Saccadic eye movements evoked by optogenetic activation of primate V1

Abstract

Optogenetics has advanced our understanding of the neural basis of simple behaviors in rodents and small animals. In primates, however, for which more sophisticated behavioral assays exist, optogenetic manipulations of behavior have been unsuccessful. We found that monkeys reliably shifted their gaze toward the receptive field of optically driven channelrhodopsin-2-expressing neurons of the primary visual cortex. This result establishes optogenetics as a viable tool for the causal analysis of behavior in primate brain.

Figure 1

Task description and distributions of saccade endpoints in Fix trials. Schematics in (a) and (b) show task events for trials with and without optical stimulation (‘Fix’ and ‘Fix+Op’ respectively). On both Fix and Fix+Op trials, monkeys were required to maintain fixation for 0.5–1 sec on a central fixation point (FP, black square) and received liquid reward immediately after FP disappeared. On Fix+Op trials (b), the disappearance of FP was followed by optical stimulation, which consisted of light pulses of 0.1 to 0.25 sec duration. Black circles in the topmost panel of the schematic diagrams represent endpoints of spontaneous saccades made after the disappearance of FP. Middle and bottom panels show post–fixation spontaneous saccades in example experimental sessions in the two monkeys. Whereas in the Fix condition (a), saccade endpoints (black circles) were broadly distributed, in the Fix+Op condition, they were concentrated near the RF of the stimulated neurons (orange) even though no visual target was presented. In these sessions, the laser intensity was set to 50 mW for monkey 1 and 20 mW for monkey 2. (c) Comparison of saccade endpoints in trials with and without optical stimulation. For each experiment, we measured the distance of each saccade endpoint to the center of the RF of the optically stimulated neurons and computed a mean distance for the Fix and Fix+Op trials in each block. In most experiments, saccades in Fix+Op trials (ordinate) landed closer to the RF center than saccades n the Fix trials (abscissa). Red circles and blue squares correspond to data collected from monkey 1 and monkey 2, respectively. Filled symbols correspond to blocks in which the optical stimulation had a significant effect on behavior (Mann–Whitney, p<0.05).

Figure 2

V1 activity associated with the four experimental conditions.
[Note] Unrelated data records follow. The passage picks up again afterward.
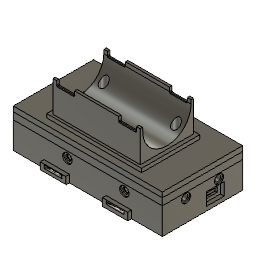
Display (Autodesk Fusion 360 design; units mm, degrees)
Autodesk Fusion 360 part; units mm, degrees
sketch "Sketch1" plane through (0, 0, 0) normal (0, 0, 1) x (1, 0, 0)
  line L0 (20.6, 4.75) -> (97.2, 4.75)
  line L1 (97.2, 4.75) -> (97.2, 56.75)
  line L2 (97.2, 56.75) -> (20.6, 56.75)
  line L3 (20.6, 56.75) -> (20.6, 4.75)
  line L4 (0, 0) -> (117.8, 0)
  line L5 (117.8, 0) -> (117.8, 63.5)
  line L6 (117.8, 63.5) -> (0, 63.5)
  line L7 (0, 63.5) -> (0, 0)
  dimension "d1" = 76.6
  dimension "d2" = 52
  dimension "d4" = 64
  dimension "d5" = 4.75
  dimension "d6" = 20.6
  dimension "d41" = 20.6
  dimension "d47" = 6.75
  constraint horizontal L0
  constraint vertical L1
  constraint horizontal L2
  constraint vertical L3
  constraint horizontal L4
  constraint vertical L5
  constraint horizontal L6
  constraint vertical L7
  constraint coincident L4.start L7.end
  measures "d1" distance of L0.start L0.end
  measures "d2" distance of L0.start L2.end
  measures "d5" distance of L0 L4
  measures "d6" distance of L3 L7
  measures "d41" distance of L1 L5
  measures "d47" distance of L2 L6
extrude "Extrude1" add sketch "Sketch1" along normal blind 1 makes body 1
sketch "Sketch2" plane through (0, 0, 1) normal (0, 0, 1) x (-1, 0, 0)
  line L0 (-20.6, -4.75) -> (-20.6, -56.75)
  line L1 (-20.6, -56.75) -> (-97.2, -56.75)
  line L2 (-97.2, -56.75) -> (-97.2, -4.75)
  line L3 (-97.2, -4.75) -> (-20.6, -4.75)
  line L4 (0, -63.5) -> (0, 0)
  line L5 (0, 0) -> (-117.8, 0)
  line L6 (-117.8, 0) -> (-117.8, -63.5)
  line L7 (-117.8, -63.5) -> (0, -63.5)
  line L8 (-18.6, -58.5) -> (-105.6, -58.5)
  line L9 (-105.6, -58.5) -> (-105.6, -3)
  line L10 (-105.6, -3) -> (-18.6, -3)
  line L11 (-18.6, -3) -> (-18.6, -58.5)
  dimension "d9" = 55.5
  dimension "d14" = 2
  dimension "d15" = 8.4
  dimension "d46" = 1.75
  constraint horizontal L8
  constraint vertical L9
  constraint horizontal L10
  constraint vertical L11
  measures "d9" distance of L8.start L10.end
  measures "d14" distance of L0 L11
  measures "d15" distance of L2 L9
  measures "d46" distance of L1 L8
extrude "Extrude2" add sketch "Sketch2" along normal blind 4.56 contours L4 L5 L6 L7 bodies 1
sketch "Sketch3" plane through (0, 0, 5.56) normal (0, 0, 1) x (-1, 0, 0)
  line L0 (-18.6, -3) -> (-18.6, -58.5)
  line L1 (-18.6, -58.5) -> (-105.6, -58.5)
  line L2 (-105.6, -58.5) -> (-105.6, -3)
  line L3 (-117.8, -63.5) -> (0, -63.5)
  line L4 (0, -63.5) -> (0, 0)
  line L5 (0, 0) -> (-117.8, 0)
  line L6 (-117.8, 0) -> (-117.8, -63.5)
  line L7 (-11, -50.1) -> (-18.1, -50.1)
  line L8 (-18.1, -50.1) -> (-18.1, -43.1)
  line L9 (-18.1, -43.1) -> (-11, -43.1)
  line L10 (-11, -43.1) -> (-11, -50.1)
  circle A0 centre (-14.3, -54.9) radius 1.35
  line L11 (-9.2, -61.5) -> (-113, -61.5)
  line L12 (-113, -2) -> (-9.2, -2)
  line L13 (-9.2, -2) -> (-9.2, -61.5)
  line L14 (-105.6, -3) -> (-18.6, -3)
  circle A1 centre (-14.5, -6.6) radius 1.35
  line L15 (-14.5, -66.6204) -> (-14.5, 2.7727) construction
  line L16 (4.0638, -54.9) -> (-136.0957, -54.9) construction
  line L17 (6.1694, -6.6) -> (-139.7576, -6.6) construction
  circle A2 centre (-109.1, -54.9) radius 1.35
  circle A3 centre (-109.1, -6.6) radius 1.35
  line L18 (-109.1, -67.6336) -> (-109.1, 4.2174) construction
  line L19 (-113, -15) -> (-115.8, -15)
  line L20 (-115.8, -15) -> (-115.8, -23)
  line L21 (-115.8, -23) -> (-113, -23)
  line L22 (-113, -23) -> (-113, -15)
  line L23 (-113, -61.5) -> (-113, -23)
  line L24 (-113, -15) -> (-113, -2)
  dimension "d19" = 7
  dimension "d20" = 2.7
  dimension "d24" = 3
  dimension "d25" = 1
  dimension "d26" = 0.5
  dimension "d27" = 1.8
  dimension "d29" = 8.4
  dimension "d30" = 3.6
  dimension "d31" = 4.3
  dimension "d32" = 2.7
  dimension "d33" = 3.6
  dimension "d34" = 4.1
  dimension "d35" = 7.4
  dimension "d36" = 9.4
  dimension "d37" = 2.7
  dimension "d39" = 2.7
  dimension "d40" = 3.5
  dimension "d134" = 8
  dimension "d135" = 2.8
  dimension "d136" = 13
  dimension "d172" = 103.8
  constraint horizontal L7
  constraint vertical L8
  constraint horizontal L9
  constraint vertical L10
  constraint horizontal L11
  constraint vertical L23
  constraint horizontal L12
  constraint vertical L13
  constraint perpendicular L5 L15
  constraint coincident A1.centre L15
  constraint perpendicular L6 L16
  constraint perpendicular L4 L17
  constraint coincident A1.centre L17
  constraint coincident A0.centre L16
  constraint coincident L17 A3.centre
  constraint perpendicular L5 L18
  constraint coincident A3.centre L18
  constraint coincident A2.centre L18
  constraint horizontal L19
  constraint vertical L20
  constraint horizontal L21
  constraint vertical L22
  constraint collinear L22 L24
  constraint collinear L23 L24
  constraint coincident L16 A2.centre
  measures "d19" distance of L7.start L9.end
  measures "d20" diameter of A0
  measures "d24" distance of L1 L11
  measures "d25" distance of L12 L14
  measures "d26" distance of L0 L8
  measures "d27" distance of L10 L13
  measures "d29" distance of L1 L7
  measures "d30" distance of L1 A0.centre
  measures "d31" distance of L0 A0.centre
  measures "d32" diameter of A1
  measures "d33" distance of L14 A1.centre
  measures "d34" distance of L0 A1.centre
  measures "d35" distance of L2 L23
  measures "d36" distance of L0 L13
  measures "d37" diameter of A2
  measures "d39" diameter of A3
  measures "d40" distance of L2 L18
  measures "d134" distance of L19.end L20.end
  measures "d135" distance of L20.end L21.end
  measures "d136" distance of L12 L19
  measures "d172" distance of L11.start L11.end
extrude "Extrude3" add sketch "Sketch3" along normal blind 15.5 contours L3 L4 L5 L6 | L19 L20 L21 L22 bodies 1
extrude "Extrude4" cut sketch "Sketch3" against normal blind 4.96 contours L7 L8 L9 L10 bodies 1
extrude "Extrude5" add sketch "Sketch3" along normal blind 1.5 contours A0 | A1 | A2 | A3 bodies 1
sketch "Sketch4" plane through (0, 0, 21.06) normal (0, 0, 1) x (-1, 0, 0)
  line L0 (-117.8, 0) -> (-117.8, -63.5)
  line L1 (-117.8, -63.5) -> (0, -63.5)
  line L2 (0, -63.5) -> (0, 0)
  line L3 (0, 0) -> (-117.8, 0)
  line L4 (0, 0) -> (-117.8, 0)
  line L5 (-117.8, 0) -> (-117.8, -63.5)
  line L6 (-117.8, -63.5) -> (0, -63.5)
  line L7 (0, -63.5) -> (0, 0)
  circle A0 centre (-14.5, -54.9) radius 2.5
  circle A1 centre (-14.5, -6.6) radius 2.5
  circle A2 centre (-109.1, -54.9) radius 2.5
  circle A3 centre (-109.1, -6.6) radius 2.5
  line L8 (-9.7, -61) -> (-112.5, -61)
  line L9 (-112.5, -61) -> (-112.5, -2.5)
  line L10 (-112.5, -2.5) -> (-9.7, -2.5)
  line L11 (-9.7, -2.5) -> (-9.7, -61)
  line L12 (-14.5, -67.6729) -> (-14.5, 3.504) construction
  line L13 (6.1552, -6.6) -> (-123.4587, -6.6) construction
  line L14 (5.0248, -54.9) -> (-119.1474, -54.9) construction
  line L15 (-109.1, -66.7497) -> (-109.1, 4.6118) construction
  line L16 (-113, -61.5) -> (-113, -2)
  line L17 (-113, -2) -> (-9.2, -2)
  line L18 (-9.2, -2) -> (-9.2, -61.5)
  line L19 (-9.2, -61.5) -> (-113, -61.5)
  line L20 (4.0638, -54.9) -> (-136.0957, -54.9)
  line L21 (-14.5, -66.6204) -> (-14.5, 2.7727)
  line L22 (-109.1, -67.6336) -> (-109.1, 4.2174)
  line L23 (6.1694, -6.6) -> (-139.7576, -6.6)
  line L24 (-9.2, -61.5) -> (-113, -61.5)
  line L25 (-9.2, -2) -> (-9.2, -61.5)
  line L26 (-113, -61.5) -> (-113, -23)
  line L27 (-113, -2) -> (-9.2, -2)
  dimension "d50" = 5
  dimension "d51" = 5
  dimension "d52" = 5
  dimension "d53" = 5
  dimension "d173" = 0.5
  dimension "d174" = 0.5
  dimension "d175" = 0.5
  dimension "d176" = 0.5
  constraint horizontal L4
  constraint vertical L5
  constraint horizontal L6
  constraint vertical L7
  constraint coincident L0.end L1.start
  constraint coincident L2.end L3.start
  constraint horizontal L8
  constraint vertical L9
  constraint horizontal L10
  constraint vertical L11
  constraint perpendicular L7 L13
  constraint perpendicular L4 L15
  constraint collinear L14 L20
  constraint collinear L12 L21
  constraint collinear L15 L22
  constraint collinear L13 L23
  constraint coincident A1.centre L13
  constraint coincident A1.centre L12
  constraint coincident A0.centre L12
  constraint coincident A0.centre L14
  constraint coincident A2.centre L15
  constraint coincident A2.centre L14
  constraint coincident A3.centre L13
  constraint coincident A3.centre L15
  measures "d50" diameter of A0
  measures "d51" diameter of A1
  measures "d52" diameter of A2
  measures "d53" diameter of A3
  measures "d173" distance of L8 L24
  measures "d174" distance of L11 L25
  measures "d175" distance of L9 L26
  measures "d176" distance of L10 L27
extrude "Extrude6" add sketch "Sketch4" along normal blind 5.5 separate body makes body 2
extrude "Extrude7" add sketch "Sketch4" against normal blind 8.9 contours A2 A3 L9 L20 L22 L23 | A3 L9 L10 L22 L23 | A1 A3 L10 L21 L22 L23 | A2 L8 L9 L20 L22 | A1 L10 L11 L21 L23 | A0 A1 A2 A3 L20 L21 L22 L23 | A0 A2 L8 L20 L21 L22 | A0 A1 L11 L20 L21 L23 | A0 L8 L11 L20 L21 bodies 2
extrude "Extrude8" add sketch "Sketch4" against normal blind 13.9 contours A3 L22 L23 | A3 L22 L23 | A3 L22 L23 | A2 L20 L22 | A2 L20 L22 | A3 L22 L23 | A1 L21 L23 | A1 L21 L23 | A2 L20 L22 | A2 L20 L22 | A1 L21 L23 | A1 L21 L23 | A0 L20 L21 | A0 L20 L21 | A0 L20 L21 | A0 L20 L21 bodies 2
sketch "Sketch5" plane through (0, 0, 0) normal (0, -1, 0) x (1, 0, 0)
  line L0 (0, 0) -> (117.8, 0)
  line L1 (117.8, 0) -> (117.8, 21.06)
  line L2 (117.8, 21.06) -> (0, 21.06)
  line L3 (0, 21.06) -> (0, 0)
  circle A0 centre (87.8, 16.06) radius 3 construction
  line L4 (-16.7106, 16.06) -> (102.3106, 16.06) construction
  circle A1 centre (42.8, 16.06) radius 3 construction
  line L5 (0, 21.06) -> (117.8, 21.06) construction
  dimension "d69" = 6
  dimension "d71" = 30
  dimension "d72" = 6
  dimension "d74" = 5
  dimension "d86" = 45
  constraint perpendicular L3 L4
  constraint coincident A0.centre L4
  constraint midpoint L4 A1.centre
  measures "d69" diameter of A0
  measures "d71" distance of L1 A0.centre
  measures "d72" diameter of A1
  measures "d74" distance of L4 L5
  measures "d86" distance of A0.centre A1.centre
hole "Hole1" at (42.8, 0, 16.06) at (87.8, 0, 16.06) direction (0, 1, 0) diameter 4.5 depth 9 tip angle 180 counterbore diameter 7.5 counterbore depth 1 bodies 1 2
sketch "Sketch9" plane through (0, 63.5, 0) normal (0, 1, 0) x (-1, 0, 0)
  line L0 (-117.8, 0) -> (0, 0)
  line L1 (0, 0) -> (0, 21.06)
  line L2 (0, 21.06) -> (-117.8, 21.06)
  line L3 (-117.8, 21.06) -> (-117.8, 0)
  circle A0 centre (-87.8, 16.06) radius 3 construction
  line L4 (16.7106, 16.06) -> (-102.3106, 16.06) construction
  circle A1 centre (-42.8, 16.06) radius 3 construction
  dimension "d92" = 6
  dimension "d93" = 6
  dimension "d94" = 45
  dimension "d96" = 30
  dimension "d97" = 5
  constraint coincident A0.centre L4
  constraint midpoint A1.centre L4
  measures "d92" diameter of A0
  measures "d93" diameter of A1
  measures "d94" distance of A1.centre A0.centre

Each row corresponds to multiunit activity recorded at a different V1 site. In each panel, the raster plot shows spiking times (black ticks) of individual trials (rows), and the PSTH shows the average firing rates (bin width = 20 ms). (a) Spikes times and the corresponding PSTHs for the Fix conditions were aligned to the time when the fixation point disappeared. (b) In the Tar condition, spikes were aligned to the time of the onset of the visual target. In the Fix+Op (c) and Tar+Op (d) conditions, trials were aligned to the onset of optical stimulation (laser power: 50 mW). The top and bottom rows show PSTHs at recording sites approximately 450 and 525 μm from the cortical surface respectively. At both sites, Tar+Op responses (d) were more similar to Fix+Op responses (b) than to Tar responses (c). The blue bar indicates the duration of optical stimulation.

Figure 3

Histological analysis of ChR2 expression in V1. (a) Montage of three coronal sections of V1 near the injection site. The left section was unstained and was imaged for red fluorescence (ChR2–mCherry), the middle section was stained with cresyl violet and imaged under bright field, and the right section was stained with DAPI and imaged for red and blue fluorescence (DAPI has been rendered white). The unstained and cresyl violet–stained sections, which were 50 μm apart, were aligned digitally on the basis of blood vessels (e.g. white arrow). The DAPI–stained section, which was approximately 1 mm from the injection site, had fewer transduced cells (scattered red spots). (b) Fluorescence image of a coronal section of V1 near the site of injection showing ChR2–expressing cells (red) along with DAPI (blue) and GFAP staining (green). Because GFAP is expressed in glial cells, the absence of GFAP staining in ChR2–expressing cells suggests that the transduced cells were not glial.